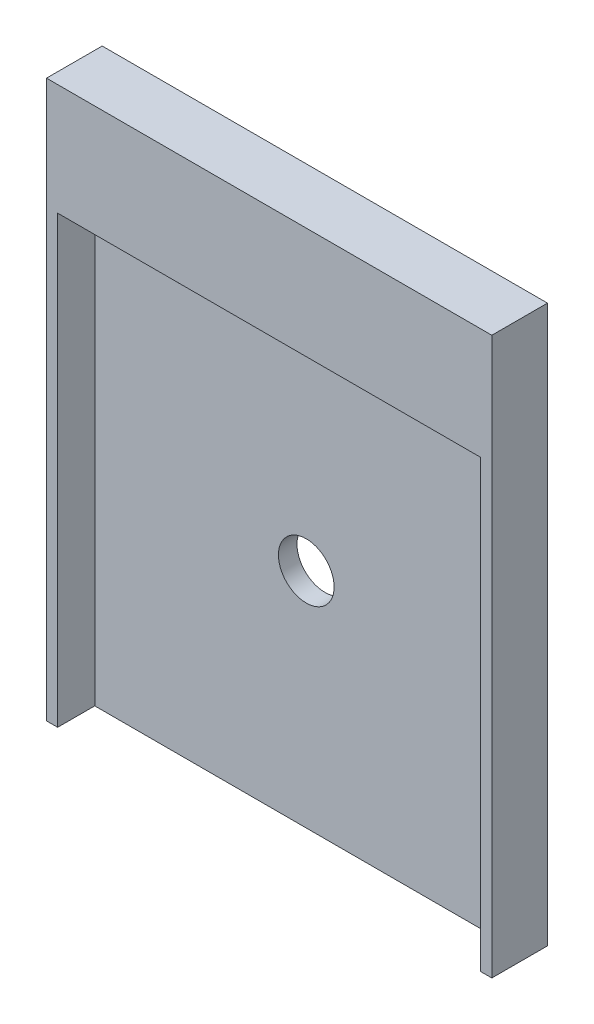
ISO-10303-21;
HEADER;
FILE_DESCRIPTION(('STEP AP214'),'2;1');
FILE_NAME('part.step','',(''),(''),'','','');
FILE_SCHEMA(('AUTOMOTIVE_DESIGN { 1 0 10303 214 1 1 1 1 }'));
ENDSEC;
DATA;
#1=APPLICATION_CONTEXT('core data for automotive mechanical design processes');
#2=APPLICATION_PROTOCOL_DEFINITION('international standard','automotive_design',2000,#1);
#3=PRODUCT_CONTEXT('',#1,'mechanical');
#4=PRODUCT('Part','Part','',(#3));
#5=PRODUCT_RELATED_PRODUCT_CATEGORY('part','',(#4));
#6=PRODUCT_DEFINITION_FORMATION('','',#4);
#7=PRODUCT_DEFINITION_CONTEXT('part definition',#1,'design');
#8=PRODUCT_DEFINITION('design','',#6,#7);
#9=PRODUCT_DEFINITION_SHAPE('','',#8);
#10=(LENGTH_UNIT() NAMED_UNIT(*) SI_UNIT(.MILLI.,.METRE.));
#11=(NAMED_UNIT(*) PLANE_ANGLE_UNIT() SI_UNIT($,.RADIAN.));
#12=(NAMED_UNIT(*) SI_UNIT($,.STERADIAN.) SOLID_ANGLE_UNIT());
#13=UNCERTAINTY_MEASURE_WITH_UNIT(LENGTH_MEASURE(1.E-05),#10,'distance_accuracy_value','');
#14=(GEOMETRIC_REPRESENTATION_CONTEXT(3) GLOBAL_UNCERTAINTY_ASSIGNED_CONTEXT((#13)) GLOBAL_UNIT_ASSIGNED_CONTEXT((#10,
#11,#12)) REPRESENTATION_CONTEXT('',''));
#15=CARTESIAN_POINT('',(0.,0.,0.));
#16=DIRECTION('',(0.,0.,1.));
#17=DIRECTION('',(1.,0.,0.));
#18=AXIS2_PLACEMENT_3D('',#15,#16,#17);
#19=CARTESIAN_POINT('',(60.,75.,5.));
#20=DIRECTION('',(-1.,0.,0.));
#21=DIRECTION('',(0.,-1.,0.));
#22=AXIS2_PLACEMENT_3D('',#19,#20,#21);
#23=PLANE('',#22);
#24=DIRECTION('',(0.,1.,0.));
#25=VECTOR('',#24,1.);
#26=CARTESIAN_POINT('',(60.,75.,0.));
#27=LINE('',#26,#25);
#28=CARTESIAN_POINT('',(60.,-75.,0.));
#29=VERTEX_POINT('',#28);
#30=CARTESIAN_POINT('',(60.,75.,0.));
#31=VERTEX_POINT('',#30);
#32=EDGE_CURVE('E163',#29,#31,#27,.T.);
#33=ORIENTED_EDGE('',*,*,#32,.T.);
#34=DIRECTION('',(0.,0.,-1.));
#35=VECTOR('',#34,1.);
#36=CARTESIAN_POINT('',(60.,75.,5.));
#37=LINE('',#36,#35);
#38=CARTESIAN_POINT('',(60.,75.,15.));
#39=VERTEX_POINT('',#38);
#40=EDGE_CURVE('E11',#39,#31,#37,.T.);
#41=ORIENTED_EDGE('',*,*,#40,.F.);
#42=DIRECTION('',(0.,1.,0.));
#43=VECTOR('',#42,1.);
#44=CARTESIAN_POINT('',(60.,45.,15.));
#45=LINE('',#44,#43);
#46=CARTESIAN_POINT('',(60.,-75.,15.));
#47=VERTEX_POINT('',#46);
#48=EDGE_CURVE('E136',#47,#39,#45,.T.);
#49=ORIENTED_EDGE('',*,*,#48,.F.);
#50=DIRECTION('',(0.,0.,-1.));
#51=VECTOR('',#50,1.);
#52=CARTESIAN_POINT('',(60.,-75.,5.));
#53=LINE('',#52,#51);
#54=EDGE_CURVE('E109',#47,#29,#53,.T.);
#55=ORIENTED_EDGE('',*,*,#54,.T.);
#56=EDGE_LOOP('',(#33,#41,#49,#55));
#57=FACE_BOUND('',#56,.T.);
#58=ADVANCED_FACE('F35',(#57),#23,.F.);
#59=CARTESIAN_POINT('',(-60.,75.,5.));
#60=DIRECTION('',(0.,-1.,0.));
#61=DIRECTION('',(0.,0.,-1.));
#62=AXIS2_PLACEMENT_3D('',#59,#60,#61);
#63=PLANE('',#62);
#64=DIRECTION('',(-1.,0.,0.));
#65=VECTOR('',#64,1.);
#66=CARTESIAN_POINT('',(-60.,75.,0.));
#67=LINE('',#66,#65);
#68=CARTESIAN_POINT('',(-60.,75.,0.));
#69=VERTEX_POINT('',#68);
#70=EDGE_CURVE('E195',#31,#69,#67,.T.);
#71=ORIENTED_EDGE('',*,*,#70,.T.);
#72=DIRECTION('',(0.,0.,-1.));
#73=VECTOR('',#72,1.);
#74=CARTESIAN_POINT('',(-60.,75.,5.));
#75=LINE('',#74,#73);
#76=CARTESIAN_POINT('',(-60.,75.,15.));
#77=VERTEX_POINT('',#76);
#78=EDGE_CURVE('E43',#77,#69,#75,.T.);
#79=ORIENTED_EDGE('',*,*,#78,.F.);
#80=DIRECTION('',(-1.,0.,0.));
#81=VECTOR('',#80,1.);
#82=CARTESIAN_POINT('',(-60.,75.,15.));
#83=LINE('',#82,#81);
#84=EDGE_CURVE('E118',#39,#77,#83,.T.);
#85=ORIENTED_EDGE('',*,*,#84,.F.);
#86=ORIENTED_EDGE('',*,*,#40,.T.);
#87=EDGE_LOOP('',(#71,#79,#85,#86));
#88=FACE_BOUND('',#87,.T.);
#89=ADVANCED_FACE('F202',(#88),#63,.F.);
#90=CARTESIAN_POINT('',(-60.,75.,5.));
#91=DIRECTION('',(1.,0.,0.));
#92=DIRECTION('',(0.,1.,0.));
#93=AXIS2_PLACEMENT_3D('',#90,#91,#92);
#94=PLANE('',#93);
#95=DIRECTION('',(0.,-1.,0.));
#96=VECTOR('',#95,1.);
#97=CARTESIAN_POINT('',(-60.,75.,0.));
#98=LINE('',#97,#96);
#99=CARTESIAN_POINT('',(-60.,-75.,0.));
#100=VERTEX_POINT('',#99);
#101=EDGE_CURVE('E105',#69,#100,#98,.T.);
#102=ORIENTED_EDGE('',*,*,#101,.T.);
#103=DIRECTION('',(0.,0.,-1.));
#104=VECTOR('',#103,1.);
#105=CARTESIAN_POINT('',(-60.,-75.,5.));
#106=LINE('',#105,#104);
#107=CARTESIAN_POINT('',(-60.,-75.,15.));
#108=VERTEX_POINT('',#107);
#109=EDGE_CURVE('E99',#108,#100,#106,.T.);
#110=ORIENTED_EDGE('',*,*,#109,.F.);
#111=DIRECTION('',(0.,-1.,0.));
#112=VECTOR('',#111,1.);
#113=CARTESIAN_POINT('',(-60.,75.,15.));
#114=LINE('',#113,#112);
#115=EDGE_CURVE('E103',#77,#108,#114,.T.);
#116=ORIENTED_EDGE('',*,*,#115,.F.);
#117=ORIENTED_EDGE('',*,*,#78,.T.);
#118=EDGE_LOOP('',(#102,#110,#116,#117));
#119=FACE_BOUND('',#118,.T.);
#120=ADVANCED_FACE('F101',(#119),#94,.F.);
#121=CARTESIAN_POINT('',(-60.,-75.,5.));
#122=DIRECTION('',(0.,1.,0.));
#123=DIRECTION('',(0.,0.,1.));
#124=AXIS2_PLACEMENT_3D('',#121,#122,#123);
#125=PLANE('',#124);
#126=DIRECTION('',(1.,0.,0.));
#127=VECTOR('',#126,1.);
#128=CARTESIAN_POINT('',(-60.,-75.,0.));
#129=LINE('',#128,#127);
#130=EDGE_CURVE('E170',#100,#29,#129,.T.);
#131=ORIENTED_EDGE('',*,*,#130,.T.);
#132=ORIENTED_EDGE('',*,*,#54,.F.);
#133=DIRECTION('',(1.,0.,0.));
#134=VECTOR('',#133,1.);
#135=CARTESIAN_POINT('',(60.,-75.,15.));
#136=LINE('',#135,#134);
#137=CARTESIAN_POINT('',(57.,-75.,15.));
#138=VERTEX_POINT('',#137);
#139=EDGE_CURVE('E133',#138,#47,#136,.T.);
#140=ORIENTED_EDGE('',*,*,#139,.F.);
#141=DIRECTION('',(0.,0.,-1.));
#142=VECTOR('',#141,1.);
#143=CARTESIAN_POINT('',(57.,-75.,15.));
#144=LINE('',#143,#142);
#145=CARTESIAN_POINT('',(57.,-75.,5.));
#146=VERTEX_POINT('',#145);
#147=EDGE_CURVE('E139',#138,#146,#144,.T.);
#148=ORIENTED_EDGE('',*,*,#147,.T.);
#149=DIRECTION('',(1.,0.,0.));
#150=VECTOR('',#149,1.);
#151=CARTESIAN_POINT('',(-60.,-75.,5.));
#152=LINE('',#151,#150);
#153=CARTESIAN_POINT('',(-57.,-75.,5.));
#154=VERTEX_POINT('',#153);
#155=EDGE_CURVE('E56',#154,#146,#152,.T.);
#156=ORIENTED_EDGE('',*,*,#155,.F.);
#157=DIRECTION('',(0.,0.,-1.));
#158=VECTOR('',#157,1.);
#159=CARTESIAN_POINT('',(-57.,-75.,15.));
#160=LINE('',#159,#158);
#161=CARTESIAN_POINT('',(-57.,-75.,15.));
#162=VERTEX_POINT('',#161);
#163=EDGE_CURVE('E122',#162,#154,#160,.T.);
#164=ORIENTED_EDGE('',*,*,#163,.F.);
#165=DIRECTION('',(1.,0.,0.));
#166=VECTOR('',#165,1.);
#167=CARTESIAN_POINT('',(-60.,-75.,15.));
#168=LINE('',#167,#166);
#169=EDGE_CURVE('E114',#108,#162,#168,.T.);
#170=ORIENTED_EDGE('',*,*,#169,.F.);
#171=ORIENTED_EDGE('',*,*,#109,.T.);
#172=EDGE_LOOP('',(#131,#132,#140,#148,#156,#164,#170,#171));
#173=FACE_BOUND('',#172,.T.);
#174=ADVANCED_FACE('F120',(#173),#125,.F.);
#175=CARTESIAN_POINT('',(0.,0.,5.));
#176=DIRECTION('',(0.,0.,1.));
#177=DIRECTION('',(1.,0.,0.));
#178=AXIS2_PLACEMENT_3D('',#175,#176,#177);
#179=PLANE('',#178);
#180=CARTESIAN_POINT('',(0.,-15.,5.));
#181=DIRECTION('',(0.,0.,1.));
#182=DIRECTION('',(1.,0.,0.));
#183=AXIS2_PLACEMENT_3D('',#180,#181,#182);
#184=CIRCLE('',#183,7.5);
#185=CARTESIAN_POINT('',(7.5,-15.,5.));
#186=VERTEX_POINT('',#185);
#187=EDGE_CURVE('E174',#186,#186,#184,.T.);
#188=ORIENTED_EDGE('',*,*,#187,.F.);
#189=EDGE_LOOP('',(#188));
#190=FACE_BOUND('',#189,.T.);
#191=DIRECTION('',(0.,-1.,0.));
#192=VECTOR('',#191,1.);
#193=CARTESIAN_POINT('',(57.,45.,5.));
#194=LINE('',#193,#192);
#195=CARTESIAN_POINT('',(57.,45.,5.));
#196=VERTEX_POINT('',#195);
#197=EDGE_CURVE('E51',#196,#146,#194,.T.);
#198=ORIENTED_EDGE('',*,*,#197,.F.);
#199=DIRECTION('',(1.,0.,0.));
#200=VECTOR('',#199,1.);
#201=CARTESIAN_POINT('',(-57.,45.,5.));
#202=LINE('',#201,#200);
#203=CARTESIAN_POINT('',(-57.,45.,5.));
#204=VERTEX_POINT('',#203);
#205=EDGE_CURVE('E140',#204,#196,#202,.T.);
#206=ORIENTED_EDGE('',*,*,#205,.F.);
#207=DIRECTION('',(0.,1.,0.));
#208=VECTOR('',#207,1.);
#209=CARTESIAN_POINT('',(-57.,45.,5.));
#210=LINE('',#209,#208);
#211=EDGE_CURVE('E142',#154,#204,#210,.T.);
#212=ORIENTED_EDGE('',*,*,#211,.F.);
#213=ORIENTED_EDGE('',*,*,#155,.T.);
#214=EDGE_LOOP('',(#198,#206,#212,#213));
#215=FACE_BOUND('',#214,.T.);
#216=ADVANCED_FACE('F191',(#190,#215),#179,.T.);
#217=CARTESIAN_POINT('',(0.,0.,0.));
#218=DIRECTION('',(0.,0.,1.));
#219=DIRECTION('',(1.,0.,0.));
#220=AXIS2_PLACEMENT_3D('',#217,#218,#219);
#221=PLANE('',#220);
#222=CARTESIAN_POINT('',(0.,-15.,0.));
#223=DIRECTION('',(0.,0.,-1.));
#224=DIRECTION('',(-1.,0.,0.));
#225=AXIS2_PLACEMENT_3D('',#222,#223,#224);
#226=CIRCLE('',#225,7.5);
#227=CARTESIAN_POINT('',(-7.5,-15.,0.));
#228=VERTEX_POINT('',#227);
#229=EDGE_CURVE('E178',#228,#228,#226,.T.);
#230=ORIENTED_EDGE('',*,*,#229,.F.);
#231=EDGE_LOOP('',(#230));
#232=FACE_BOUND('',#231,.T.);
#233=ORIENTED_EDGE('',*,*,#32,.F.);
#234=ORIENTED_EDGE('',*,*,#130,.F.);
#235=ORIENTED_EDGE('',*,*,#101,.F.);
#236=ORIENTED_EDGE('',*,*,#70,.F.);
#237=EDGE_LOOP('',(#233,#234,#235,#236));
#238=FACE_BOUND('',#237,.T.);
#239=ADVANCED_FACE('F187',(#232,#238),#221,.F.);
#240=CARTESIAN_POINT('',(-57.,45.,15.));
#241=DIRECTION('',(-1.,0.,0.));
#242=DIRECTION('',(0.,-1.,0.));
#243=AXIS2_PLACEMENT_3D('',#240,#241,#242);
#244=PLANE('',#243);
#245=ORIENTED_EDGE('',*,*,#211,.T.);
#246=DIRECTION('',(0.,0.,-1.));
#247=VECTOR('',#246,1.);
#248=CARTESIAN_POINT('',(-57.,45.,15.));
#249=LINE('',#248,#247);
#250=CARTESIAN_POINT('',(-57.,45.,15.));
#251=VERTEX_POINT('',#250);
#252=EDGE_CURVE('E155',#251,#204,#249,.T.);
#253=ORIENTED_EDGE('',*,*,#252,.F.);
#254=DIRECTION('',(0.,1.,0.));
#255=VECTOR('',#254,1.);
#256=CARTESIAN_POINT('',(-57.,45.,15.));
#257=LINE('',#256,#255);
#258=EDGE_CURVE('E124',#162,#251,#257,.T.);
#259=ORIENTED_EDGE('',*,*,#258,.F.);
#260=ORIENTED_EDGE('',*,*,#163,.T.);
#261=EDGE_LOOP('',(#245,#253,#259,#260));
#262=FACE_BOUND('',#261,.T.);
#263=ADVANCED_FACE('F190',(#262),#244,.F.);
#264=CARTESIAN_POINT('',(-57.,45.,15.));
#265=DIRECTION('',(0.,1.,0.));
#266=DIRECTION('',(0.,0.,1.));
#267=AXIS2_PLACEMENT_3D('',#264,#265,#266);
#268=PLANE('',#267);
#269=ORIENTED_EDGE('',*,*,#205,.T.);
#270=DIRECTION('',(0.,0.,-1.));
#271=VECTOR('',#270,1.);
#272=CARTESIAN_POINT('',(57.,45.,15.));
#273=LINE('',#272,#271);
#274=CARTESIAN_POINT('',(57.,45.,15.));
#275=VERTEX_POINT('',#274);
#276=EDGE_CURVE('E145',#275,#196,#273,.T.);
#277=ORIENTED_EDGE('',*,*,#276,.F.);
#278=DIRECTION('',(1.,0.,0.));
#279=VECTOR('',#278,1.);
#280=CARTESIAN_POINT('',(-57.,45.,15.));
#281=LINE('',#280,#279);
#282=EDGE_CURVE('E126',#251,#275,#281,.T.);
#283=ORIENTED_EDGE('',*,*,#282,.F.);
#284=ORIENTED_EDGE('',*,*,#252,.T.);
#285=EDGE_LOOP('',(#269,#277,#283,#284));
#286=FACE_BOUND('',#285,.T.);
#287=ADVANCED_FACE('F206',(#286),#268,.F.);
#288=CARTESIAN_POINT('',(57.,45.,15.));
#289=DIRECTION('',(1.,0.,0.));
#290=DIRECTION('',(0.,1.,0.));
#291=AXIS2_PLACEMENT_3D('',#288,#289,#290);
#292=PLANE('',#291);
#293=ORIENTED_EDGE('',*,*,#197,.T.);
#294=ORIENTED_EDGE('',*,*,#147,.F.);
#295=DIRECTION('',(0.,-1.,0.));
#296=VECTOR('',#295,1.);
#297=CARTESIAN_POINT('',(57.,45.,15.));
#298=LINE('',#297,#296);
#299=EDGE_CURVE('E131',#275,#138,#298,.T.);
#300=ORIENTED_EDGE('',*,*,#299,.F.);
#301=ORIENTED_EDGE('',*,*,#276,.T.);
#302=EDGE_LOOP('',(#293,#294,#300,#301));
#303=FACE_BOUND('',#302,.T.);
#304=ADVANCED_FACE('F204',(#303),#292,.F.);
#305=CARTESIAN_POINT('',(0.,0.,15.));
#306=DIRECTION('',(0.,0.,1.));
#307=DIRECTION('',(1.,0.,0.));
#308=AXIS2_PLACEMENT_3D('',#305,#306,#307);
#309=PLANE('',#308);
#310=ORIENTED_EDGE('',*,*,#115,.T.);
#311=ORIENTED_EDGE('',*,*,#169,.T.);
#312=ORIENTED_EDGE('',*,*,#258,.T.);
#313=ORIENTED_EDGE('',*,*,#282,.T.);
#314=ORIENTED_EDGE('',*,*,#299,.T.);
#315=ORIENTED_EDGE('',*,*,#139,.T.);
#316=ORIENTED_EDGE('',*,*,#48,.T.);
#317=ORIENTED_EDGE('',*,*,#84,.T.);
#318=EDGE_LOOP('',(#310,#311,#312,#313,#314,#315,#316,#317));
#319=FACE_BOUND('',#318,.T.);
#320=ADVANCED_FACE('F113',(#319),#309,.T.);
#321=CARTESIAN_POINT('',(0.,-15.,10.));
#322=DIRECTION('',(0.,0.,-1.));
#323=DIRECTION('',(-1.,0.,0.));
#324=AXIS2_PLACEMENT_3D('',#321,#322,#323);
#325=CYLINDRICAL_SURFACE('',#324,7.5);
#326=ORIENTED_EDGE('',*,*,#187,.T.);
#327=EDGE_LOOP('',(#326));
#328=FACE_BOUND('',#327,.T.);
#329=ORIENTED_EDGE('',*,*,#229,.T.);
#330=EDGE_LOOP('',(#329));
#331=FACE_BOUND('',#330,.T.);
#332=ADVANCED_FACE('F185',(#328,#331),#325,.F.);
#333=CLOSED_SHELL('',(#58,#89,#120,#174,#216,#239,#263,#287,#304,#320,#332));
#334=MANIFOLD_SOLID_BREP('B2',#333);
#335=ADVANCED_BREP_SHAPE_REPRESENTATION('',(#18,#334),#14);
#336=SHAPE_DEFINITION_REPRESENTATION(#9,#335);
ENDSEC;
END-ISO-10303-21;

- WHAT THE TASK ASKS -
Could you restate word for word the lines above from the one containing "#290=DIRECTION('',(0.,1.,0.));" through the one containing "#327=EDGE_LOOP('',(#326));", both included, and nothing else?

- SOLUTION TO THIS TASK -
#290=DIRECTION('',(0.,1.,0.));
#291=AXIS2_PLACEMENT_3D('',#288,#289,#290);
#292=PLANE('',#291);
#293=ORIENTED_EDGE('',*,*,#197,.T.);
#294=ORIENTED_EDGE('',*,*,#147,.F.);
#295=DIRECTION('',(0.,-1.,0.));
#296=VECTOR('',#295,1.);
#297=CARTESIAN_POINT('',(57.,45.,15.));
#298=LINE('',#297,#296);
#299=EDGE_CURVE('E131',#275,#138,#298,.T.);
#300=ORIENTED_EDGE('',*,*,#299,.F.);
#301=ORIENTED_EDGE('',*,*,#276,.T.);
#302=EDGE_LOOP('',(#293,#294,#300,#301));
#303=FACE_BOUND('',#302,.T.);
#304=ADVANCED_FACE('F204',(#303),#292,.F.);
#305=CARTESIAN_POINT('',(0.,0.,15.));
#306=DIRECTION('',(0.,0.,1.));
#307=DIRECTION('',(1.,0.,0.));
#308=AXIS2_PLACEMENT_3D('',#305,#306,#307);
#309=PLANE('',#308);
#310=ORIENTED_EDGE('',*,*,#115,.T.);
#311=ORIENTED_EDGE('',*,*,#169,.T.);
#312=ORIENTED_EDGE('',*,*,#258,.T.);
#313=ORIENTED_EDGE('',*,*,#282,.T.);
#314=ORIENTED_EDGE('',*,*,#299,.T.);
#315=ORIENTED_EDGE('',*,*,#139,.T.);
#316=ORIENTED_EDGE('',*,*,#48,.T.);
#317=ORIENTED_EDGE('',*,*,#84,.T.);
#318=EDGE_LOOP('',(#310,#311,#312,#313,#314,#315,#316,#317));
#319=FACE_BOUND('',#318,.T.);
#320=ADVANCED_FACE('F113',(#319),#309,.T.);
#321=CARTESIAN_POINT('',(0.,-15.,10.));
#322=DIRECTION('',(0.,0.,-1.));
#323=DIRECTION('',(-1.,0.,0.));
#324=AXIS2_PLACEMENT_3D('',#321,#322,#323);
#325=CYLINDRICAL_SURFACE('',#324,7.5);
#326=ORIENTED_EDGE('',*,*,#187,.T.);
#327=EDGE_LOOP('',(#326));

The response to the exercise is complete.